• _Problem description_: All lines from the one containing "line L11 (14.9711, 24.606)" to the final line of the material should be retyped exactly. Nothing else belongs in the response.
********************
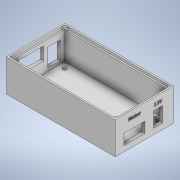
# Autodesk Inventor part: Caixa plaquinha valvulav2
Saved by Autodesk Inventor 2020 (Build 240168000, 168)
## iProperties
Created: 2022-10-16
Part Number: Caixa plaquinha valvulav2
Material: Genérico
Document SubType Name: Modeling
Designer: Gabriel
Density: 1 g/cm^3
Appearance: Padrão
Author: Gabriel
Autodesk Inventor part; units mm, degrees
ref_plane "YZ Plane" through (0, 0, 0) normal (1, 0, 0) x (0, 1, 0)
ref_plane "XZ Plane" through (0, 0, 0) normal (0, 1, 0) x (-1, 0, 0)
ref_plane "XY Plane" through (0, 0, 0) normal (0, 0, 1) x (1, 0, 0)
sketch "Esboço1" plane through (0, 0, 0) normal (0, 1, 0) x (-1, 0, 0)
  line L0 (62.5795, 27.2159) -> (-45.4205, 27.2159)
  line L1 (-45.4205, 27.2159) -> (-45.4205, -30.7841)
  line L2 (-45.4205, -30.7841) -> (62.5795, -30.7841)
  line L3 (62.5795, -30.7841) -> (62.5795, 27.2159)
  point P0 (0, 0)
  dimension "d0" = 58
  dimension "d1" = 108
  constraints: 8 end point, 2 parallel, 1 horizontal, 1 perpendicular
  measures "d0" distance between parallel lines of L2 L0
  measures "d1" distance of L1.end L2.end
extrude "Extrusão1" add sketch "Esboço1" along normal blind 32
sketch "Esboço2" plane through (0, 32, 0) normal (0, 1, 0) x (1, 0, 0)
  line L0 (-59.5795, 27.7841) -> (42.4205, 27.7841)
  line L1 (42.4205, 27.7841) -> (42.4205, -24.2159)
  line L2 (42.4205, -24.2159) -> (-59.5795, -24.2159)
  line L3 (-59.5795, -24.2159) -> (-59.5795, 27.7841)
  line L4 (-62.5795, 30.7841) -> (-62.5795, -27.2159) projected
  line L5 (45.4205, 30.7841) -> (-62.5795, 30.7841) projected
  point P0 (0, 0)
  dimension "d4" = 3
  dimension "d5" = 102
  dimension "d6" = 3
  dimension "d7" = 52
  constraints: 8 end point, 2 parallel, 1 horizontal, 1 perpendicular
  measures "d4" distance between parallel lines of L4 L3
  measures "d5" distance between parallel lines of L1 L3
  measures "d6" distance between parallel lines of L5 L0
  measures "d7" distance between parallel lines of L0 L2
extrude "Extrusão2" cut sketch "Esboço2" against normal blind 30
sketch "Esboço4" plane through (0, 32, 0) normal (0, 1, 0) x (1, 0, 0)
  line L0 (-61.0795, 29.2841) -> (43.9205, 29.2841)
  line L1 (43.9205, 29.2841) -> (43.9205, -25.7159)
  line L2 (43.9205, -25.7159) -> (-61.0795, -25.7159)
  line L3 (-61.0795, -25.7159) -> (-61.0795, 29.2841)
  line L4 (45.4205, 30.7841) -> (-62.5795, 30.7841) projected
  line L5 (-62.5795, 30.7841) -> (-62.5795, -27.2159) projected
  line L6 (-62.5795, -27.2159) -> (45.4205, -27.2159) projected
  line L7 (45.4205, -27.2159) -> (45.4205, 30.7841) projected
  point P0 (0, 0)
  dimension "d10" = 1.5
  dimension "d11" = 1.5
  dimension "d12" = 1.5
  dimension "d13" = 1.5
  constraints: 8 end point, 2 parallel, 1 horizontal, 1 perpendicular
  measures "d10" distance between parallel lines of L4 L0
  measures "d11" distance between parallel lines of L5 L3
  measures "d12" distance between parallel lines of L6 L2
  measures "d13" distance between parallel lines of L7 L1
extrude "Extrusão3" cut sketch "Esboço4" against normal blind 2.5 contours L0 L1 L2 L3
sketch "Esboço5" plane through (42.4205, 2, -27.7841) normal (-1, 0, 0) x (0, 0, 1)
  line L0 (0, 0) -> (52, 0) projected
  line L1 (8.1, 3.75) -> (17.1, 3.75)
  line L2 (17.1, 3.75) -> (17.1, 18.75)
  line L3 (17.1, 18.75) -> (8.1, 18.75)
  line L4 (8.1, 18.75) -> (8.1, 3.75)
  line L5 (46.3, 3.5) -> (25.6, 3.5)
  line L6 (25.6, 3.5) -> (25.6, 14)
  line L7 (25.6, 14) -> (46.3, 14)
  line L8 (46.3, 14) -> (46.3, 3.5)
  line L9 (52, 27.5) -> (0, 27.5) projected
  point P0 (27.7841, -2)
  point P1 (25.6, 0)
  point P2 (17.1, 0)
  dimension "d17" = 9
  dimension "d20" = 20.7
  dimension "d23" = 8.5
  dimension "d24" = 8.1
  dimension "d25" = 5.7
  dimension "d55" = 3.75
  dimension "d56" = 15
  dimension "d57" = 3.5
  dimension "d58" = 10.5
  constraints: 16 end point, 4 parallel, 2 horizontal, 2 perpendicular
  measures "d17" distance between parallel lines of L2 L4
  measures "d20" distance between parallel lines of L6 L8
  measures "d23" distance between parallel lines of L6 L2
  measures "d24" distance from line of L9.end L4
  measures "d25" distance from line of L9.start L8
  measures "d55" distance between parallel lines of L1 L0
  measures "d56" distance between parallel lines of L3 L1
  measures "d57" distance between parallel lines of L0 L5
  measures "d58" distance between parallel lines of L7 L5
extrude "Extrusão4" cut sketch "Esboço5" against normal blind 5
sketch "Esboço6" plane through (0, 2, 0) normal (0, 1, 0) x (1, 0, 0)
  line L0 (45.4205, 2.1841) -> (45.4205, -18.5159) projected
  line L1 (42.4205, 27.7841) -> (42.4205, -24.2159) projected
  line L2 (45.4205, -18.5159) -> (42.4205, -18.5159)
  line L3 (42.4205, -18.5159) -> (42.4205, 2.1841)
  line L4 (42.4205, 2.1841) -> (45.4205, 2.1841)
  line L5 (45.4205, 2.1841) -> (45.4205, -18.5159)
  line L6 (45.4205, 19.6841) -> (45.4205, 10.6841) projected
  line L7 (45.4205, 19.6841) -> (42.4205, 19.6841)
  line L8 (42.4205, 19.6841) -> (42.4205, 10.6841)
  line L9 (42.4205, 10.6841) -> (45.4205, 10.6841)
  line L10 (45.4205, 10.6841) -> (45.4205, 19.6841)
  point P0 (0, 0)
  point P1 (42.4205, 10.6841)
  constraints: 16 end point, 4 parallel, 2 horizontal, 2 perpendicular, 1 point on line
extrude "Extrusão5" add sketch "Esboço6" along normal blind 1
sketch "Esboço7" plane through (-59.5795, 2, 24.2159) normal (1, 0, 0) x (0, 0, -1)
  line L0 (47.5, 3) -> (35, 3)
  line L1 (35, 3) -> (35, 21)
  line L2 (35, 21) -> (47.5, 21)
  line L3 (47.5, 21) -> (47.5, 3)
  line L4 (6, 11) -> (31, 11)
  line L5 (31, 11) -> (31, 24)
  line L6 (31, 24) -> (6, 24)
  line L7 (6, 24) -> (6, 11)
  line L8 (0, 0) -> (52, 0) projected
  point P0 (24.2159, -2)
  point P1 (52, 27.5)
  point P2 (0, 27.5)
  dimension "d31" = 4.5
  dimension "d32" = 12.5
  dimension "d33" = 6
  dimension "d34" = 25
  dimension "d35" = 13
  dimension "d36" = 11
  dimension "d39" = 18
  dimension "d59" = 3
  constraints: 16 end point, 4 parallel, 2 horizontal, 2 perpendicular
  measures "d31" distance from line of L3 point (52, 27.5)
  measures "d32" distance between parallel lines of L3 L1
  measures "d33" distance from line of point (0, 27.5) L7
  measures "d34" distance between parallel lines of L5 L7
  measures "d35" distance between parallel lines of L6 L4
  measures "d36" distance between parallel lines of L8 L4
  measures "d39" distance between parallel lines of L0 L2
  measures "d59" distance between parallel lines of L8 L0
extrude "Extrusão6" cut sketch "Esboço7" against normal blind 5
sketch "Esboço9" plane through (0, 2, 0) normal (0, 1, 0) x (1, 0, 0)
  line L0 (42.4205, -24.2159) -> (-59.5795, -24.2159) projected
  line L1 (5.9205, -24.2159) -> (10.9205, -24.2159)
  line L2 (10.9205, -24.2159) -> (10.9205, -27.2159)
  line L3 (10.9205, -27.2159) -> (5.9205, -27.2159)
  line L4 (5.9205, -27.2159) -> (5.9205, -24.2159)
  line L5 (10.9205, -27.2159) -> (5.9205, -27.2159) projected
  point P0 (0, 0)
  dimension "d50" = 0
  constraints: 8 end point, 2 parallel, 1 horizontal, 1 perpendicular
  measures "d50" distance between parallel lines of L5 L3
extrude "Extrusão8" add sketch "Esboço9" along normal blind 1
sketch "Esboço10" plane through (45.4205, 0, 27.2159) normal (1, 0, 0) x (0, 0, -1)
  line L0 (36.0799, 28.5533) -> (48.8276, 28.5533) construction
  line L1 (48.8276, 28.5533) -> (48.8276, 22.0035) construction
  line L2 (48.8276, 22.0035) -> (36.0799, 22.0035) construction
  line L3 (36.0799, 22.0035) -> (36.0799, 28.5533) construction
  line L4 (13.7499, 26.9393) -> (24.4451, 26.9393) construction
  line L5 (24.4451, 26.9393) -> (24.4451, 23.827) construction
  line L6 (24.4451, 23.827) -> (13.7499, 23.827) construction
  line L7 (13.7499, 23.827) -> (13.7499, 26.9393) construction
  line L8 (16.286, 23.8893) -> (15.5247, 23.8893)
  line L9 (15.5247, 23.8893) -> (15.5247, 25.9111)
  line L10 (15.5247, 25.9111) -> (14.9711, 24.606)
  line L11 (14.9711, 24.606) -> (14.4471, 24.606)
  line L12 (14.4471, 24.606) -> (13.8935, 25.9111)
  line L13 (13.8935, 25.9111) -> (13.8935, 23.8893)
********************
• _Reply to the exercise_:
  line L11 (14.9711, 24.606) -> (14.4471, 24.606)
  line L12 (14.4471, 24.606) -> (13.8935, 25.9111)
  line L13 (13.8935, 25.9111) -> (13.8935, 23.8893)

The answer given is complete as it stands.